On a perfect summer night, as generations of Cavanaughs descend on the family beach in Cape Cod, a handsome man materializes . . . and a family feud erupts. With rumors swirling about everything from a failing business to infidelity, it’s clear why Drue wanted Daphne by her side.
Daphne wakes up the morning of the wedding to find that the handsome man has vanished . . . and something terrible happened to Drue. Daphne begins digging into Drue’s past, peel back layers of illusion and discovering the complicated truth about the seemingly perfect Drue Cavanaugh.

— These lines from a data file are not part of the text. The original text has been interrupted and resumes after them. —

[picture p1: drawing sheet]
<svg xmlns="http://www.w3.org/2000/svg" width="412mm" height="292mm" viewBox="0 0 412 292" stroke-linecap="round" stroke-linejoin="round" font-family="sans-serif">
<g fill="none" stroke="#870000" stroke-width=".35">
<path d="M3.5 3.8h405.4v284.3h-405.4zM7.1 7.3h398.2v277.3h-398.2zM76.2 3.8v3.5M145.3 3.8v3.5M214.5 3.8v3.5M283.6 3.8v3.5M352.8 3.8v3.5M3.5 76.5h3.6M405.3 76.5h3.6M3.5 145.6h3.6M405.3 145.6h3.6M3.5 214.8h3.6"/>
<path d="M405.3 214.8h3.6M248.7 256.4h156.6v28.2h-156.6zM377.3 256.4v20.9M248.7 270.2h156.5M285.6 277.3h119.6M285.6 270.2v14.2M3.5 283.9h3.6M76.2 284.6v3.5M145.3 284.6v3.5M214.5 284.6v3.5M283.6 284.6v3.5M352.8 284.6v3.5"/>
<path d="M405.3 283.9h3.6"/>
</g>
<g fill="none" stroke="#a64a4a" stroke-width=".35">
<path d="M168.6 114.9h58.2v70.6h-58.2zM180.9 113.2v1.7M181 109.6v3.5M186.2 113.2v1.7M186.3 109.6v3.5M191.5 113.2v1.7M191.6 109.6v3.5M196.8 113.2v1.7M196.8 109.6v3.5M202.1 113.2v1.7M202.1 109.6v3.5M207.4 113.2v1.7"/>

In Big Summer, bestselling author Jennifer Weiner explores the complexities of female friendships, the pitfalls of sharing too much online, and what matters most in life.
Review:
After she finished writing her very ambitious previous novel, Mrs. Everything, which spanned seventy years and required significant research, bestselling author Jennifer Weiner wanted to pen a story that would be “fun and froth,” set in a locale with which she is familiar, Cape Cod, spanning an extended weekend. She envisioned Big Summer as a welcome break both for herself and her readers. She also wanted to return to a theme that she frequently examines in her novels: women’s relationships with other women and their own bodies. In particular, she “wanted to write about a young woman struggling with her self-esteem and finding her purpose and her place in the world . . .” Today, that meant, of necessity, writing about social media and the Internet. She believes that everyone who uses social media “is leading a double life — the one that we actually live, and the one that we show.” Since she knew very little about social media influencers, she wound up doing a great deal of research into becoming an influencer and what the role entails, and ended up penning a novel that does, in fact, “have some meat on the bone.”
Big Summer opens with a foreboding prologue set in 1994 involving a young woman named Christina who is happy raising her son on her own at her family’s cabin on Cape Cod. “Her story was almost at its end, but that night, she had no idea” as she sang to her four-year-old son. The story then advances to 2018 and the focus shifts to Weiner’s protagonist, Daphne, an up-and-coming plus-size Instagram influencer. “The trick of the Internet, I had learned, was not being unapologetically yourself of completely unfiltered; it was mastering the trick of appearing that way. It was spiking your posts with just the right amount of real . . . which meant, of course, that you were never being real at all,” Daphne explains. At the outset, she has been offered a chance to showcase the clothing of Leela Thakoon. Daphne is thrilled when the attractive garments fit perfectly and make her look and feel “like the best version of” herself. A collaboration is born.
In her first-person narrative, Daphne relates how she came to be a young woman who has eschewed dieting and is determined to simply be true self. As the only child of doting parents, she had no idea she was overweight until a fateful weekend with her body size-obsessed grandmother. That was the point at which her psyche was irrevocably altered, and from which she gradually “learned every trick for taking up as little space as possible and not asking for much.” She describes her first day at the exclusive new school where her father taught, but a scholarship was required in order for her tuition to be paid, and meeting the other students. Two in particular play prominent roles in Daphne’s story. Darshi, who, as the story opens, has been her faithful friend for many years and her roommate for the past four. And Drue Cavanaugh.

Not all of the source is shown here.